如果要憎恨的话,似乎只能去憎恨命运。
惠枝生了张和她父亲非常相像的脸。
只需要一眼,影森雫就能够认出她是谁。
只有她,对此一无所知,眉梢带笑。
“……您是说父亲吗?他已经去世好多年啦。是病死的。”
她感慨又洒脱的声音还回荡在耳边。
人总是如此狡猾。
连诅咒都能巧妙的避免。
徒留她一个人茫然。
影森雫闭着眼,任由五条悟轻抚她的长发。
*
丈夫去世后,影森雫开始恐惧五条悟的眼睛。
即便竭力避免在白昼时抬头,影森雫也总能不小心瞥见蓝蓝的天,联想到浓缩进眼眶里的瞳孔。
温度骤降后的血液带来全身的冷,光是隔着时光,影森雫都担心自己会溺毙在那双眸子里。
在夜里,黑影深浅不一。
五条悟身上的色调总格外突出。
酝酿在湛蓝里的漩涡,更是骇的影森雫无法安眠。
“张嘴。”
男人的手闯进视野。
一回生,二回熟。影森雫浑浑噩噩地照做,扬着下巴将苦涩倒进胃里。
男人的视线在她干涩的双眼滑过,五条悟漫不经心的明知故问:“夫人昨夜没休息好吗?疲倦感要溢出来了噢?”
幽沉的目光下,果脯挤进来。
影森雫含糊不清的言语刺向他:“如果您没有住进来的话,我会休息好的。

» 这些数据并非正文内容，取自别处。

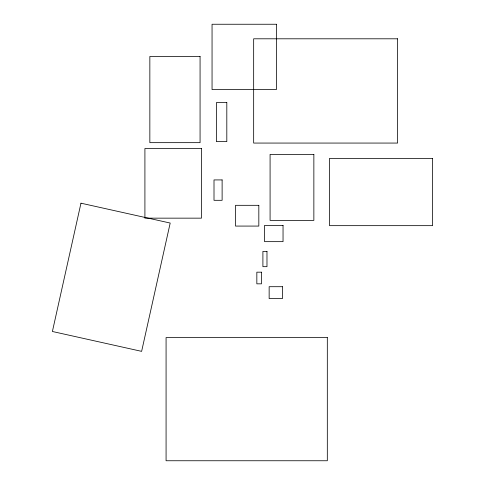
<?xml version="1.0" encoding="UTF-8"?>
<svg xmlns="http://www.w3.org/2000/svg" width="485" height="485" viewBox="0 0 485 485"><rect width="100%" height="100%" fill="white"/><g stroke="black" fill="none" stroke-linecap="round" stroke-linejoin="round"><path stroke-width="0.73" d="M80.965 203.185L52.398 331.491L141.626 351.358L170.193 223.052L80.965 203.185M276.408 24.25L212.054 24.25L212.054 89.567L276.408 89.567L276.408 24.25M397.615 38.8L253.661 38.8L253.661 143.063L397.615 143.063L397.615 38.8M200.069 56.46L149.847 56.46L149.847 142.657L200.069 142.657L200.069 56.46M226.81 102.59L216.395 102.59L216.395 141.632L226.81 141.632L226.81 102.59M201.469 148.507L144.912 148.507L144.912 218.153L201.469 218.153L201.469 148.507M313.856 154.4L270.084 154.4L270.084 220.39L313.856 220.39L313.856 154.4M432.602 158.365L329.521 158.365L329.521 225.658L432.602 225.658L432.602 158.365M222.118 179.923L214.006 179.923L214.006 200.311L222.118 200.311L222.118 179.923M258.826 205.319L235.522 205.319L235.522 226.077L258.826 226.077L258.826 205.319M283.04 225.404L264.555 225.404L264.555 241.651L283.04 241.651L283.04 225.404M266.98 251.4L262.906 251.4L262.906 266.671L266.98 266.671L266.98 251.4M261.482 272.176L256.838 272.176L256.838 283.834L261.482 283.834L261.482 272.176M282.476 286.702L269.145 286.702L269.145 298.572L282.476 298.572L282.476 286.702M327.32 337.578L166.076 337.578L166.076 460.75L327.32 460.75L327.32 337.578"/></g></svg>

”
五条悟不恼,反而轻笑着安置好药碗。
不速之客剥夺了梳妆台的作用。
悄无声息地绕到影森雫身后,五条悟就能撩起长发,化指为梳。
影森雫很熟悉这个动作。
在微妙的青春期里,比起单纯的身体构造,五条悟更执着于她无所适从的表情。
延长的黑线在五条悟的纵容中突破了无下限的阻隔,圈在指尖不断流淌,留下清新的皂香。
过不了多久,低温的手就会顺着她的发丝,揉上她被羞赧烘烫的耳骨。
现在的五条悟就不一样。
浅淡的和服换成深沉的制服,身上释放出鞋油残留着的辛辣。
为了对抗那股气味,影森雫只能闪避着屏息。
最强咒术师先一步候在她动作终止的角度,一缕缕捋好她披散着的长发。
因为是系在脑后侧方的辫子,影森雫的脖颈、胸口,多处染上黑色。
略微摆头,那抹黑色又蜿蜒到男人的身上,刺出密密麻麻的痒。